Il y a un an, je me faisais de grandes attentes pour 2017, non pas des attentes personnelles parce qu’avec le temps j’ai appris à aimer me faire surprendre de la vie ; ici il est plutôt question des attentes face à ma ville. Il ne faut pas oublier qu’on nous martelait de tout bord tout côté comme quoi 2017 serait grandiose, c’était après tout l’année du 375e anniversaire de la fondation de notre belle métropole.

L’ancien maire, Denis Coderre, aimait aller dans les médias se venter de ses lègues, lègues qui sont pour la plupart inachevés, délais administratifs et de constructions obligent, la plupart ne seront pas prêts avant… 2019… Ce qui a fait que la ville est submergée de cônes orange depuis plus d’un an.

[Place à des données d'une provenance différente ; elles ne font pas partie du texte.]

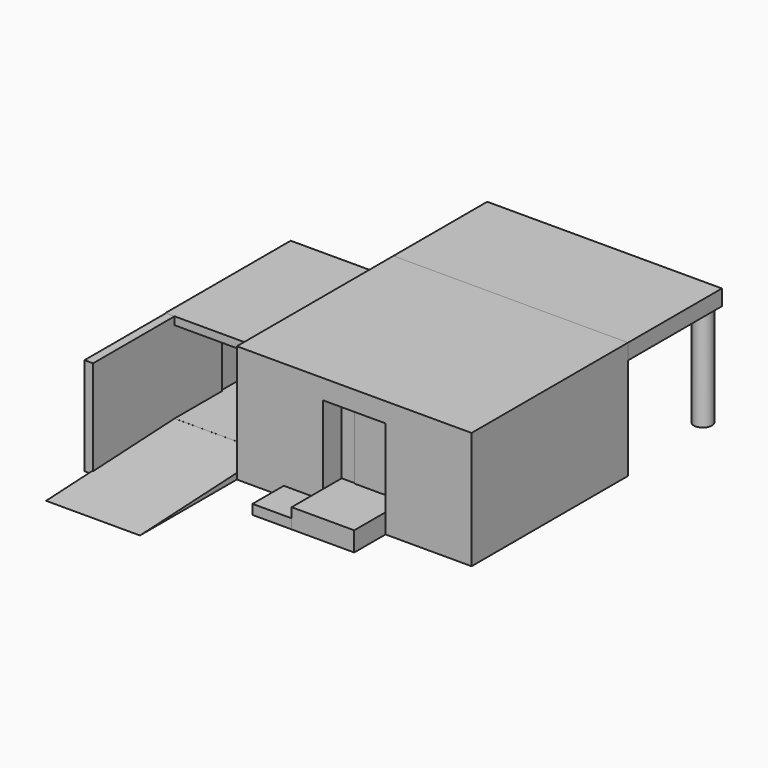
from build123d import *

# Parameters (mm, degrees)
F1_DEPTH  = 38.1
F2_W      = 76.2
F2_H      = 5.08
F3_DEPTH  = 38.1
F5_W      = 20.32
F5_H      = 6.35
F6_DEPTH  = 7.62
F8_W      = 2.794
F8_H      = 31.75
F9_DEPTH  = 52.324
F10_DEPTH = 20.32
F11_W     = 12.7857104659
F11_H     = 3.175
F12_DEPTH = 12.7
F13_W     = 5.791861964
F13_H     = 20.9366468877
F14_DEPTH = 0.254
F15_W     = 33.02
F15_H     = 50.8
F16_DEPTH = 31.75
F17_DEPTH = 30.48
F18_T     = -2.54
F19_R     = 2.9147550464
F20_DEPTH = 33.02


with BuildPart() as f1:
    # F0 (on Top) → F1 (new body)
    with BuildSketch(Plane.XY):
        Polygon((-38.1, -31.75), (-10.16, -31.75), (-10.16, -24.13), (10.16, -24.13), (10.16, -31.75), (38.1, -31.75), (38.1, 31.75), (-38.1, 31.75), (-38.1, -19.05), align=None)
    extrude(amount=F1_DEPTH)

    # F5 (on face) → F6 (join)
    with BuildSketch(Plane.XZ.offset(24.13)):
        with Locations((0, 34.925)):
            Rectangle(F5_W, F5_H)
    extrude(amount=F6_DEPTH)


with BuildPart() as f3:
    # F2 (on face) → F3 (new body)
    with BuildSketch(Plane(origin=(0, 31.75, 0), x_dir=(-1, 0, 0), z_dir=(0, 1, 0))):
        with Locations((0, 35.56)):
            Rectangle(F2_W, F2_H)
    extrude(amount=F3_DEPTH)


with BuildPart() as f9:
    # F8 (on Front) → F9 (new body)
    with BuildSketch(Plane.XZ):
        with Locations((-69.723, 15.875)):
            Rectangle(F8_W, F8_H)
    extrude(amount=F9_DEPTH)


with BuildPart() as f10:
    # F5 (on face) → F10 (new body)
    with BuildSketch(Plane.XZ.offset(24.13)):
        with Locations((0, 3.175)):
            Rectangle(F5_W, F5_H)
    extrude(amount=F10_DEPTH)


with BuildPart() as f12:
    # F11 (on face) → F12 (new body)
    with BuildSketch(Plane(origin=(-10.16, 0, 0), x_dir=(0, -1, 0), z_dir=(-1, 0, 0))):
        with Locations((38.057144767, 1.5875)):
            Rectangle(F11_W, F11_H)
    extrude(amount=F12_DEPTH)


with BuildPart() as f14:
    # F13 (on face) → F14 (new body)
    with BuildSketch(Plane.XZ.offset(24.13)):
        with Locations((2.895930982, 16.8183234438)):
            Rectangle(F13_W, F13_H)
        with Locations((-2.895930982, 16.8183234438)):
            Rectangle(F13_W, F13_H)
    extrude(amount=F14_DEPTH)


with BuildPart() as f16:
    # F15 (on Top) → F16 (new body)
    with BuildSketch(Plane.XY):
        with Locations((-54.7516793013, 6.1444475591)):
            Rectangle(F15_W, F15_H)
    extrude(amount=F16_DEPTH)

    # F18
    f18_openings = [f16.faces().sort_by_distance(p)[0] for p in [
        (-54.751679, -19.255552, 15.875),
    ]]
    offset(amount=F18_T, openings=f18_openings)


with BuildPart() as f17:
    # F7 (on face) → F17 (new body)
    with BuildSketch(Plane(origin=(-38.1, 0, 0), x_dir=(0, -1, 0), z_dir=(-1, 0, 0))):
        Polygon((31.75, 1.9199459951), (19.05, 2.54), (19.05, 0), (31.75, 0), align=None)
        Polygon((71.07450068, 0), (31.75, 1.9199459951), (31.75, 0), align=None)
    extrude(amount=F17_DEPTH)


with BuildPart() as f20:
    # F19 (on face) → F20 (new body)
    with BuildSketch(Plane(origin=(0, 0, 33.02), x_dir=(1, 0, 0), z_dir=(0, 0, -1))):
        with Locations((34.5117524266, -66.6021332145)):
            Circle(F19_R)
    extrude(amount=F20_DEPTH)


with BuildPart() as f20b:
    # F19 (on face) → F20, piece 2 (new body)
    with BuildSketch(Plane(origin=(0, 0, 33.02), x_dir=(1, 0, 0), z_dir=(0, 0, -1))):
        with Locations((-34.5117524266, -66.6021332145)):
            Circle(F19_R)
    extrude(amount=F20_DEPTH)


solid = Compound([f1.part, f3.part, f9.part, f10.part, f12.part, f14.part, f16.part, f17.part, f20.part, f20b.part])

De quoi rouler longtemps ses yeux par en haut.

Par chance, diverses institutions de la ville ont décidé de fêter Montréal à leur manière et ont rendu mon année (et la vôtre aussi, je l’espère) remplie d’activité plus palpitante les unes que les autres. J’ai décidé de vous faire un top 5 des meilleurs moments que j’ai vécu en 2017.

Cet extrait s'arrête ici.